Substrate features are an integral part of the material on which the bank notes are printed .... why not call them paper features? Well some bank notes, such as the Australian Dollar, are printed on plastic.! The choice of substrate is very important as it has to be a very durable material resistant to tearing, withstanding crumpling and stable to environmental effects such as humidity.
For each currency produced a corresponding paper is manufactured. Banknote paper is made from cotton pulp which gives it better durability than commercial papers and a very distinctive feel. Much of the time, it is the initial feel of a counterfeit that urges someone to have a closer look at what they are holding. If bank note paper is held under ultra violet light it is dull compared to commercial papers
The paper manufacturing process allows for a number of features to be created
The watermark is one of the most obvious security features of a paper banknote. When held up to the light an image can be seen in the paper, usually a portrait similar to that printed on the note. The image of the watermark is caused by different thicknesses of paper, with light areas of the watermark being a result of thinner paper. The highlighted effect of " ultra thin" paper is sometimes used as an added security effect in small specific areas within a watermark, e.g. A denomination may appear as a "highlighted" portion compared to the main bulk of the watermark.
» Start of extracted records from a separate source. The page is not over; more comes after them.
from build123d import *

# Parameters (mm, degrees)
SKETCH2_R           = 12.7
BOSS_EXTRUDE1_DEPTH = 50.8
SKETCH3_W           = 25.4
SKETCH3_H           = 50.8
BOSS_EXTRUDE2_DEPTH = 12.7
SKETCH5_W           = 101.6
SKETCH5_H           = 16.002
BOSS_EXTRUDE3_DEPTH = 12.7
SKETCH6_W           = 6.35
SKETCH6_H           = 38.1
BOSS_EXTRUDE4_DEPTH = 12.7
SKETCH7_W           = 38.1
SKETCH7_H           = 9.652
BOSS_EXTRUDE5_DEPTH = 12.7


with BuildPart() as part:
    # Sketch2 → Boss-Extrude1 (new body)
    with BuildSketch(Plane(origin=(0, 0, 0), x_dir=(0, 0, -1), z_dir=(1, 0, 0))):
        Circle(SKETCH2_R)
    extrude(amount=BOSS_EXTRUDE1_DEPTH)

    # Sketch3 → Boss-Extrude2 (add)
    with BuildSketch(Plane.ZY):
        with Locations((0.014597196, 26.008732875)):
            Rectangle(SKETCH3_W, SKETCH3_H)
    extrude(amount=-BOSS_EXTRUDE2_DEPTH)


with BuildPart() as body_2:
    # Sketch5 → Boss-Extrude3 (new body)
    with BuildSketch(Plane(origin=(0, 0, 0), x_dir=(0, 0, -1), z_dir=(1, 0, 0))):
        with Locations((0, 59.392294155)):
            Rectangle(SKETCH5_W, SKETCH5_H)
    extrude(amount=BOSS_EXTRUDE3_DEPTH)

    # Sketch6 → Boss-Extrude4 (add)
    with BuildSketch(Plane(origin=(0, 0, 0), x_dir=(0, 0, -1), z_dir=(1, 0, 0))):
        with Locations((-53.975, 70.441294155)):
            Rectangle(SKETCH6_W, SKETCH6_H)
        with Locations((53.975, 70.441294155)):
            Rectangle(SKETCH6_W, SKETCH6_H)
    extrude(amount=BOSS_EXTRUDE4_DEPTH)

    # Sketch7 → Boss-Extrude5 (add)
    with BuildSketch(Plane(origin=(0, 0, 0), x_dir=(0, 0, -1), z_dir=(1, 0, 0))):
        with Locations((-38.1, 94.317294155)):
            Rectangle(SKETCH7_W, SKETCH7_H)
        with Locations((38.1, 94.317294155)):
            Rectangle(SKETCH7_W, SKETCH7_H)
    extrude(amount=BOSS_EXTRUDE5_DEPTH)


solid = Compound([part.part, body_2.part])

A watermark is an excellent security feature. A counterfeiter is very unlikely to manufacture his own paper. Having said that there are some ways watermarks can be simulated although the effects are crude.
Threads are embedded within the paper fibre and can be completely invisible or have a star burst effect, where the thread appears to weave in and out of the paper when viewed from one side. However when held up to the light the thread will always appear as a solid line. Features can be built into the thread material e.g microprinting on a transparent plastic thread or adding materials so they fluoresce under ultraviolet light.
The thread is a difficult feature to counterfeit but some counterfeiters have been known to print a thin grey line or a thin line of varnish in the area of the thread.
While the paper is in the pulp stage various elements can be added that then become embedded in the paper in a random fashion. e.g Tiny fibres which fluoresce under ultra violet light or tiny iridescent foils known as planchettes. It is also possible to tint the paper.
A plastic substrate has been adopted by some countries as the chosen medium for their currency. Security features are built into the plastic is coating with an opaque white leaving a window of transparency and pseudo watermarks are produced by printing additional designs in opaque white. These features offer good protection from colour copier counterfeiting.